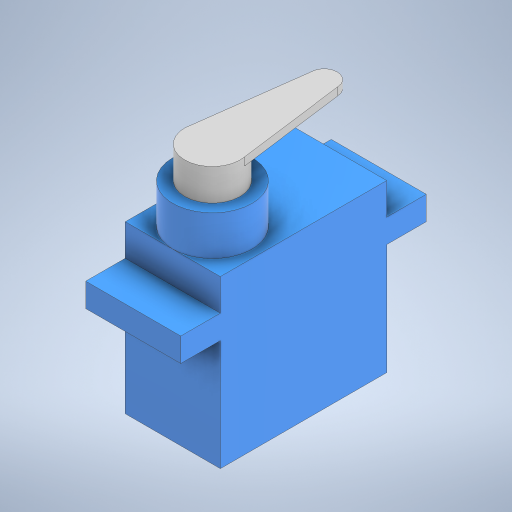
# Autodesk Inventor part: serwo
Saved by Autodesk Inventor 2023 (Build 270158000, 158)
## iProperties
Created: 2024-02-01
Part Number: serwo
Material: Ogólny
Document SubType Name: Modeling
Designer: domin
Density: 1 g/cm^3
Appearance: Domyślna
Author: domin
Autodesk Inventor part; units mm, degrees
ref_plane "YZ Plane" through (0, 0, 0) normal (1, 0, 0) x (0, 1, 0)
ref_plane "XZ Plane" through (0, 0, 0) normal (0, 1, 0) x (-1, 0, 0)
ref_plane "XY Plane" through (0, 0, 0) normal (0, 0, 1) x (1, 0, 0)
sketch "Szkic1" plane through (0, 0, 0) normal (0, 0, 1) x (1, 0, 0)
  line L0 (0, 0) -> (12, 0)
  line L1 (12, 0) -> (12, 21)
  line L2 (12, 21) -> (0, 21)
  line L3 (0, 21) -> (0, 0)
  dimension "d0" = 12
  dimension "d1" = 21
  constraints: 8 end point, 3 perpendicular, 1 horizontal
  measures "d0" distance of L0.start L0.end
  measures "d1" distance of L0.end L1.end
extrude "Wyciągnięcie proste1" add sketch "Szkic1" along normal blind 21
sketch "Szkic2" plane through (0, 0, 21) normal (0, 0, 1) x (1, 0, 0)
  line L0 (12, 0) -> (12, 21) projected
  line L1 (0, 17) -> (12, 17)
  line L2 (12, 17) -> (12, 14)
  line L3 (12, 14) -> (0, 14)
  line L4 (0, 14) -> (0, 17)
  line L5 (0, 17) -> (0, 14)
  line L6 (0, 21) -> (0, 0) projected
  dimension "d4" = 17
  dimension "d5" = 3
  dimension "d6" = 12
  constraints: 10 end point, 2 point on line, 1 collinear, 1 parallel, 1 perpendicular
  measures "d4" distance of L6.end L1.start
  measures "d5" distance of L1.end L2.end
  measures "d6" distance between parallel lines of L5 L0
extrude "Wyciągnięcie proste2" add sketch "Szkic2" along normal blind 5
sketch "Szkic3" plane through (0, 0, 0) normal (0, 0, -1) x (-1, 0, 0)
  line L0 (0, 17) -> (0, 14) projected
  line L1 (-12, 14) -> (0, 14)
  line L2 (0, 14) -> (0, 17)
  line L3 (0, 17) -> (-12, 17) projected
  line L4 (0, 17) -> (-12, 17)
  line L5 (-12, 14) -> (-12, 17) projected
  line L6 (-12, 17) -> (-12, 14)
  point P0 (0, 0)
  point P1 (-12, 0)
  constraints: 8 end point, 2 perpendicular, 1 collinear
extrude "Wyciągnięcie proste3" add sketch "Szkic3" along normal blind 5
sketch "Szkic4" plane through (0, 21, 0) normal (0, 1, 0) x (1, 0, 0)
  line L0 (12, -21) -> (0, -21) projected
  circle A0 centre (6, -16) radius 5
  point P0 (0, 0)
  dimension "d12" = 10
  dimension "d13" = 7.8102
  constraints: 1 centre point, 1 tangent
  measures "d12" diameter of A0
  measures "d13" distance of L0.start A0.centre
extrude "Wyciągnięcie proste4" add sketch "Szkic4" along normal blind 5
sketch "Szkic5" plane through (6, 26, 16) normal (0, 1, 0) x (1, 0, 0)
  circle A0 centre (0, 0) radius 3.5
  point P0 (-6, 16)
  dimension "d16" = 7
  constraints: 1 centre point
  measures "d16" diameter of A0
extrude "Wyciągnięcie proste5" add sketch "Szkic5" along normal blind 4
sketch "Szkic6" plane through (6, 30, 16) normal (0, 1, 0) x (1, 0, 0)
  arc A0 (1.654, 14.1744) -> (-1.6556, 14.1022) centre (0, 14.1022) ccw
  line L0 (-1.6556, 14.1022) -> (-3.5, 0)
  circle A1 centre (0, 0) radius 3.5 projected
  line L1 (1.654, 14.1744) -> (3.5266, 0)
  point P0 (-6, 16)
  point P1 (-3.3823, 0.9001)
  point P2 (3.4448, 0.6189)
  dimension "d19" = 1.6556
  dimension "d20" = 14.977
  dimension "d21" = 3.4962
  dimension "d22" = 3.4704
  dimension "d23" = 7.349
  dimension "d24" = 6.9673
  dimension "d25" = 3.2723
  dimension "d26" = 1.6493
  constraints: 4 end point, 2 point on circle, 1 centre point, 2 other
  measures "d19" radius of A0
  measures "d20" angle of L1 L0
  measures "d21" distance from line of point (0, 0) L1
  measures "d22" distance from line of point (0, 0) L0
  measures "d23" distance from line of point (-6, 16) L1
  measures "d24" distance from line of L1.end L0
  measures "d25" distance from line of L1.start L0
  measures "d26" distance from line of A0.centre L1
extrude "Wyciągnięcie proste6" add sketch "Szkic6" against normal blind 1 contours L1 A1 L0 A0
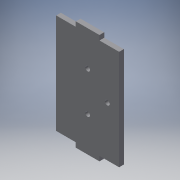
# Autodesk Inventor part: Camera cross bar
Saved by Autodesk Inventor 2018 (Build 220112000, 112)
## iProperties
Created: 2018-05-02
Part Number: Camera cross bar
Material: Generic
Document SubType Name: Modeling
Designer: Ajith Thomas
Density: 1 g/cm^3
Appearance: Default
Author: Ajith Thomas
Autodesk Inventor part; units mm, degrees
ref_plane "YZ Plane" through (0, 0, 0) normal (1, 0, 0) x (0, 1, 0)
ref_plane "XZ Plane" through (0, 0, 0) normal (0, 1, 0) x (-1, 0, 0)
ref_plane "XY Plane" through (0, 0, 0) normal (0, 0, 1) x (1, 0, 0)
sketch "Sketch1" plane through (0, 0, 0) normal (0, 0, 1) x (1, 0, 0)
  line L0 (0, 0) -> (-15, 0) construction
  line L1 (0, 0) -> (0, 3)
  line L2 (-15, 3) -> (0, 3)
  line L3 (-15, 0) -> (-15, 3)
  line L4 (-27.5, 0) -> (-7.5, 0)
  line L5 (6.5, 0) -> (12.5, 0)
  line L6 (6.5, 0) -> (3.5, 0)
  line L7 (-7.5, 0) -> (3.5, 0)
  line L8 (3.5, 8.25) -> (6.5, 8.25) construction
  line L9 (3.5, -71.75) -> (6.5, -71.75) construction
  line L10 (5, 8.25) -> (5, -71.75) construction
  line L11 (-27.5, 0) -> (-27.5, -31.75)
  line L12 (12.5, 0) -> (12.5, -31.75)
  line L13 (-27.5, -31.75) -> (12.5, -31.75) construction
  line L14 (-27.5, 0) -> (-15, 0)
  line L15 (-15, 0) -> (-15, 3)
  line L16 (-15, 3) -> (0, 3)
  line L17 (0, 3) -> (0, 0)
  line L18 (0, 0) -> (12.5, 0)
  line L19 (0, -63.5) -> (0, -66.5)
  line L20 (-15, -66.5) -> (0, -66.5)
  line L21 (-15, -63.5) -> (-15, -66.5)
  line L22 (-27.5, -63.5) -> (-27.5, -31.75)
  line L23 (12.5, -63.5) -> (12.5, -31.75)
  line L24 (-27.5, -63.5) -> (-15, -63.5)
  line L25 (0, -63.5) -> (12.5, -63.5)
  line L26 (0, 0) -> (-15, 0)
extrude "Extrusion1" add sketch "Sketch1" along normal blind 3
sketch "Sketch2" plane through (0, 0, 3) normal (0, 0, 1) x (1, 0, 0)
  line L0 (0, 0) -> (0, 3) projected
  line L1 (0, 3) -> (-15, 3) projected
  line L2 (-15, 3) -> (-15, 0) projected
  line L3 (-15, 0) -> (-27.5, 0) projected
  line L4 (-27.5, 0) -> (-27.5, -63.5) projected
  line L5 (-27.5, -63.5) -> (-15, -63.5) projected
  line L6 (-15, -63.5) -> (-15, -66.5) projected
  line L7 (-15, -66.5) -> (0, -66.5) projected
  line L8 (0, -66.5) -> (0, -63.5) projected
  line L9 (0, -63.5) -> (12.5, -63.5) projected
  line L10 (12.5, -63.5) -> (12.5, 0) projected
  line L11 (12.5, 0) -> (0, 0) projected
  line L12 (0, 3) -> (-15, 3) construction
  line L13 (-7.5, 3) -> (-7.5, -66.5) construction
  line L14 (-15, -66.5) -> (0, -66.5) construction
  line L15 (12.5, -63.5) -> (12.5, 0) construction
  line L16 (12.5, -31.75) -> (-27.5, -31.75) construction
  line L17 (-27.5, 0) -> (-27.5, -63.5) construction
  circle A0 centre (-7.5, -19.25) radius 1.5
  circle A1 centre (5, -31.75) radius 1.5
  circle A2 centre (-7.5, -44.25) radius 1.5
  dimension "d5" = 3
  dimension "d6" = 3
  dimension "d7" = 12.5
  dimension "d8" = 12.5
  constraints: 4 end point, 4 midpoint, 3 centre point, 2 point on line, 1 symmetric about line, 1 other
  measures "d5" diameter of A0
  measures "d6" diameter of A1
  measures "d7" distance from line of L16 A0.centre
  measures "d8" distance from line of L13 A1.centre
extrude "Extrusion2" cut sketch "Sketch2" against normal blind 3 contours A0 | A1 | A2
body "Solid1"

= = = = =

To do: Give back exactly the lines above starting at the line where "line L24 (-27.5, -63.5) -> (-15, -63.5)" appears and ending at the line where "0, 3) normal" appears, both included, with no other lines.

Answer below:
  line L24 (-27.5, -63.5) -> (-15, -63.5)
  line L25 (0, -63.5) -> (12.5, -63.5)
  line L26 (0, 0) -> (-15, 0)
extrude "Extrusion1" add sketch "Sketch1" along normal blind 3
sketch "Sketch2" plane through (0, 0, 3) normal (0, 0, 1) x (1, 0, 0)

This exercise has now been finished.